Generative AI primarily chatGPT was used throughout the project as an assistant tool. It was used to improve productivity, reliability and efficency while respecting the acadimic conduct. It was utilized in the following ways:

1. It was used as an alternative to python documentation in order to save time, where necessory, on acheiving basic tasks such as changing column name, sorting columns, visualizing null values. In doing so, chatGPT was given a prompt to explain how a certain task is acheived. The responses given by chatGPT improved my understanding of Python, Pandas and Matplotlib. Building on that understanding, I wrote my own code to acheive my project objectives. 
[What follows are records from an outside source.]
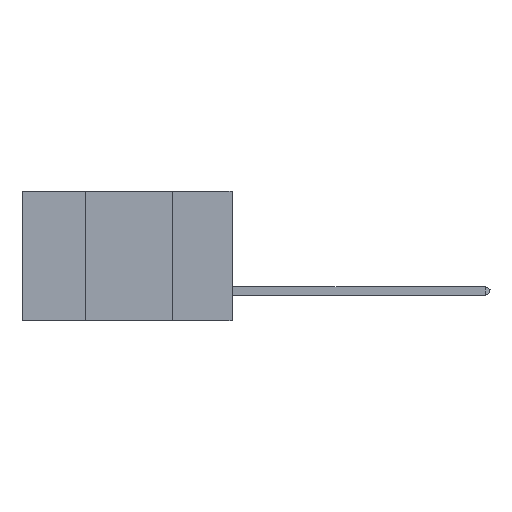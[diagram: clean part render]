
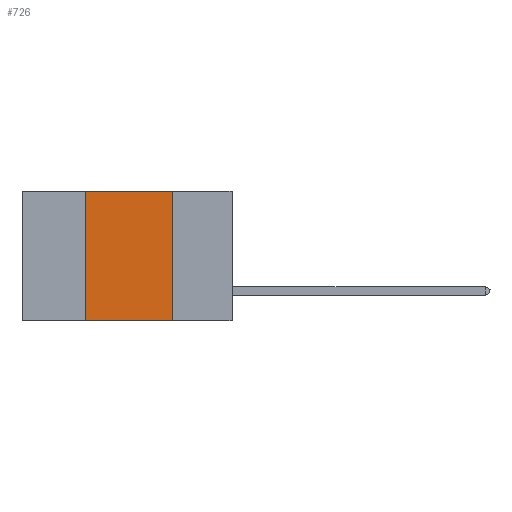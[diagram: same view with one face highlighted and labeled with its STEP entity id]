
A CAD part, left-side view. The second image highlights one B-rep face of the part: STEP entity #726.
In plain terms, the highlighted planar face has unit normal (-1, 0, 0).
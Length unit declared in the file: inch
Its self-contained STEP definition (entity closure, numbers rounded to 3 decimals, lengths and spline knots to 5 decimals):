
#554 = ORIENTED_EDGE ( 'NONE', *, *, #10132, .F. ) ;
#726 = ADVANCED_FACE ( 'NONE', ( #24377 ), #9559, .F. ) ;
#3772 = VERTEX_POINT ( 'NONE', #7107 ) ;
#3936 = ORIENTED_EDGE ( 'NONE', *, *, #16650, .F. ) ;
#4128 = ORIENTED_EDGE ( 'NONE', *, *, #13614, .T. ) ;
#4336 = CARTESIAN_POINT ( 'NONE',  ( 0., 0.6, -0.37 ) ) ;
#4530 = VECTOR ( 'NONE', #8548, 39.37008 ) ;
#5062 = LINE ( 'NONE', #20768, #10232 ) ;
#5985 = DIRECTION ( 'NONE',  ( 0., 0., -1. ) ) ;
#7107 = CARTESIAN_POINT ( 'NONE',  ( 0., 0.42, 0. ) ) ;
#7462 = CARTESIAN_POINT ( 'NONE',  ( 0., 0.6, 0. ) ) ;
#8427 = DIRECTION ( 'NONE',  ( 0., 0., 1. ) ) ;
#8548 = DIRECTION ( 'NONE',  ( 0., -1., 0. ) ) ;
#8688 = EDGE_CURVE ( 'NONE', #13820, #10264, #8995, .T. ) ;
#8995 = LINE ( 'NONE', #24183, #10004 ) ;
#9559 = PLANE ( 'NONE',  #25396 ) ;
#9826 = LINE ( 'NONE', #7462, #17281 ) ;
#10004 = VECTOR ( 'NONE', #20091, 39.37008 ) ;
#10132 = EDGE_CURVE ( 'NONE', #26180, #3772, #5062, .T. ) ;
#10232 = VECTOR ( 'NONE', #8427, 39.37008 ) ;
#10264 = VERTEX_POINT ( 'NONE', #20802 ) ;
#13614 = EDGE_CURVE ( 'NONE', #26180, #10264, #20317, .T. ) ;
#13820 = VERTEX_POINT ( 'NONE', #26048 ) ;
#16142 = DIRECTION ( 'NONE',  ( 1., 0., 0. ) ) ;
#16405 = CARTESIAN_POINT ( 'NONE',  ( 0., 0.6, 0. ) ) ;
#16456 = EDGE_LOOP ( 'NONE', ( #25759, #3936, #554, #4128 ) ) ;
#16650 = EDGE_CURVE ( 'NONE', #3772, #13820, #9826, .T. ) ;
#17281 = VECTOR ( 'NONE', #17763, 39.37008 ) ;
#17763 = DIRECTION ( 'NONE',  ( 0., -1., 0. ) ) ;
#19860 = CARTESIAN_POINT ( 'NONE',  ( 0., 0.42, -0.37 ) ) ;
#20091 = DIRECTION ( 'NONE',  ( 0., 0., -1. ) ) ;
#20317 = LINE ( 'NONE', #4336, #4530 ) ;
#20768 = CARTESIAN_POINT ( 'NONE',  ( 0., 0.42, 0. ) ) ;
#20802 = CARTESIAN_POINT ( 'NONE',  ( 0., 0.17, -0.37 ) ) ;
#24183 = CARTESIAN_POINT ( 'NONE',  ( 0., 0.17, 0. ) ) ;
#24377 = FACE_OUTER_BOUND ( 'NONE', #16456, .T. ) ;
#25396 = AXIS2_PLACEMENT_3D ( 'NONE', #16405, #16142, #5985 ) ;
#25759 = ORIENTED_EDGE ( 'NONE', *, *, #8688, .F. ) ;
#26048 = CARTESIAN_POINT ( 'NONE',  ( 0., 0.17, 0. ) ) ;
#26180 = VERTEX_POINT ( 'NONE', #19860 ) ;

2. It was used to improve my basic understanding of certain concepts. For example when I found a concept difficult to understand, I asked chatGPT to explain it to me in layman terms. The explaination gived by GPT improved my understanding which in trun helped me write better code. 
3. In certain cased, it was used to generate python functions to acheive a specific task. For example, it was used to write a funciton that create a categoty column based on different quantiles of Z-scores.

The above notebook is a creation of my own mind. ChatGPT was used as an extension to it in the ways listed above. The creation of the above code involves proper understanding of the underling concepts, careful thinking and problem solving along with many hours spent on improving understanding of concepts, observation, contempulation and solving of problems.